Routine activities that once seemed trivial—like dining out, grabbing coffee, or visiting friends—have been drastically altered, if not completely halted.
Even essential errands, such as grocery shopping, have become akin to navigating an obstacle course.
Under such circumstances, it’s understandable that anxiety and boredom have surged for many, including myself. Some resort to challenging jigsaw puzzles, while others find escape in the digital realm of Animal Crossing.
For data enthusiasts like me, our focus has shifted to COVID-19 data dashboards derived from sources such as the New York Times and the European Union.
Honestly, I've never encountered so many data dashboards on a single topic as I have with COVID-19. While many of these dashboards offer valuable insights, it’s crucial to scrutinize the messages conveyed through our visual representations, especially during an ongoing pandemic where individual actions can significantly influence outcomes on both local and global scales.
Let’s explore some of the potential for unintended consequences that can arise from these visualizations.
Unintended Consequences
As noted by the authors of Freakonomics, unintended consequences are prevalent—and data visualizations are no exception. Even the most carefully constructed and accurate data presentations can lead to misinterpretations and poor decision-making.

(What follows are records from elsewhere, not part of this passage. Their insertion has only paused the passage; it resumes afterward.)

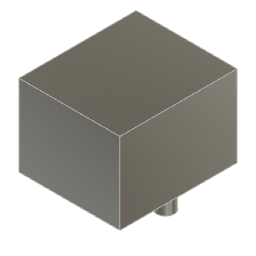
_Ethernet Jack.38e78c15-344b-44d7-bd83-56f5c26b8b03 (Autodesk Fusion 360 design; units mm, degrees)
Autodesk Fusion 360 part; units mm, degrees
sketch "Sketch1" plane through (0, 0, 0) normal (0, 1, 0) x (1, 0, 0)
  line L0 (0, 0) -> (15.5, 0)
  line L1 (15.5, 0) -> (15.5, -12.5)
  line L2 (15.5, -12.5) -> (0, -12.5)
  line L3 (0, -12.5) -> (0, 0)
  line L4 (2, -2) -> (13.5, -2)
  line L5 (13.5, -2) -> (13.5, -10.5)
  line L6 (13.5, -10.5) -> (2, -10.5)
  line L7 (2, -10.5) -> (2, -2)
  dimension "d1" = 15.5
  dimension "d2" = 12.5
  dimension "d3" = 2
  constraint horizontal L0
  constraint vertical L1
  constraint horizontal L2
  constraint vertical L3
  constraint coincident L0.start L3.end
  measures "d1" distance of L0.start L0.end
  measures "d2" distance of L0.start L2.end
extrude "Extrude1" add sketch "Sketch1" along normal blind 18
extrude "Extrude2" add sketch "Sketch1" along normal blind 3 contours L4 L5 L6 L7
sketch "Sketch2" plane through (0, 0, 0) normal (0, 0, -1) x (1, 0, 0)
  line L0 (15.5, 0) -> (0, 0)
  line L1 (0, 0) -> (0, -18)
  line L2 (0, -18) -> (15.5, -18)
  line L3 (15.5, -18) -> (15.5, 0)
  line L4 (0, -18) -> (0, -7)
  line L5 (0, -7) -> (15.5, -7)
  line L6 (15.5, -7) -> (15.5, -18)
  circle A0 centre (14.15, -8.35) radius 1.35
  circle A1 centre (1.35, -8.35) radius 1.35
  dimension "d8" = 11
  dimension "d9" = 1.35
  dimension "d10" = 1.35
  constraint vertical L4
  constraint horizontal L5
  constraint vertical L6
  constraint coincident L2.end L3.start
  constraint tangent L5 A0
  constraint tangent L6 A0
  constraint tangent L5 A1
  constraint tangent L4 A1
  measures "d8" distance of L2.end L5.end
  measures "d9" radius of A0
  measures "d10" radius of A1
extrude "Extrude3" add sketch "Sketch2" along normal blind 2 contours A0 | A1
equation "d9 = ( 2.7 / 2 ) * 1 mm"
equation "d10 = ( 2.7 / 2 ) * 1 mm"

For instance, early on, certain graphics highlighted the considerably higher mortality risk of COVID-19 among the elderly compared to younger populations.
Conversely, another graph indicated that more individuals aged 20-44 were being hospitalized than those aged 75-85, based on early U.S. data.
These two graphs convey different conclusions. Both are accurate, yet they emphasize distinct aspects of the disease's impact. While many readers might reconcile the two interpretations, casual viewers could easily draw drastically different conclusions regarding the risks faced by different age groups.
This oversimplified understanding early in the pandemic led many to believe that younger individuals were not at significant risk from the virus.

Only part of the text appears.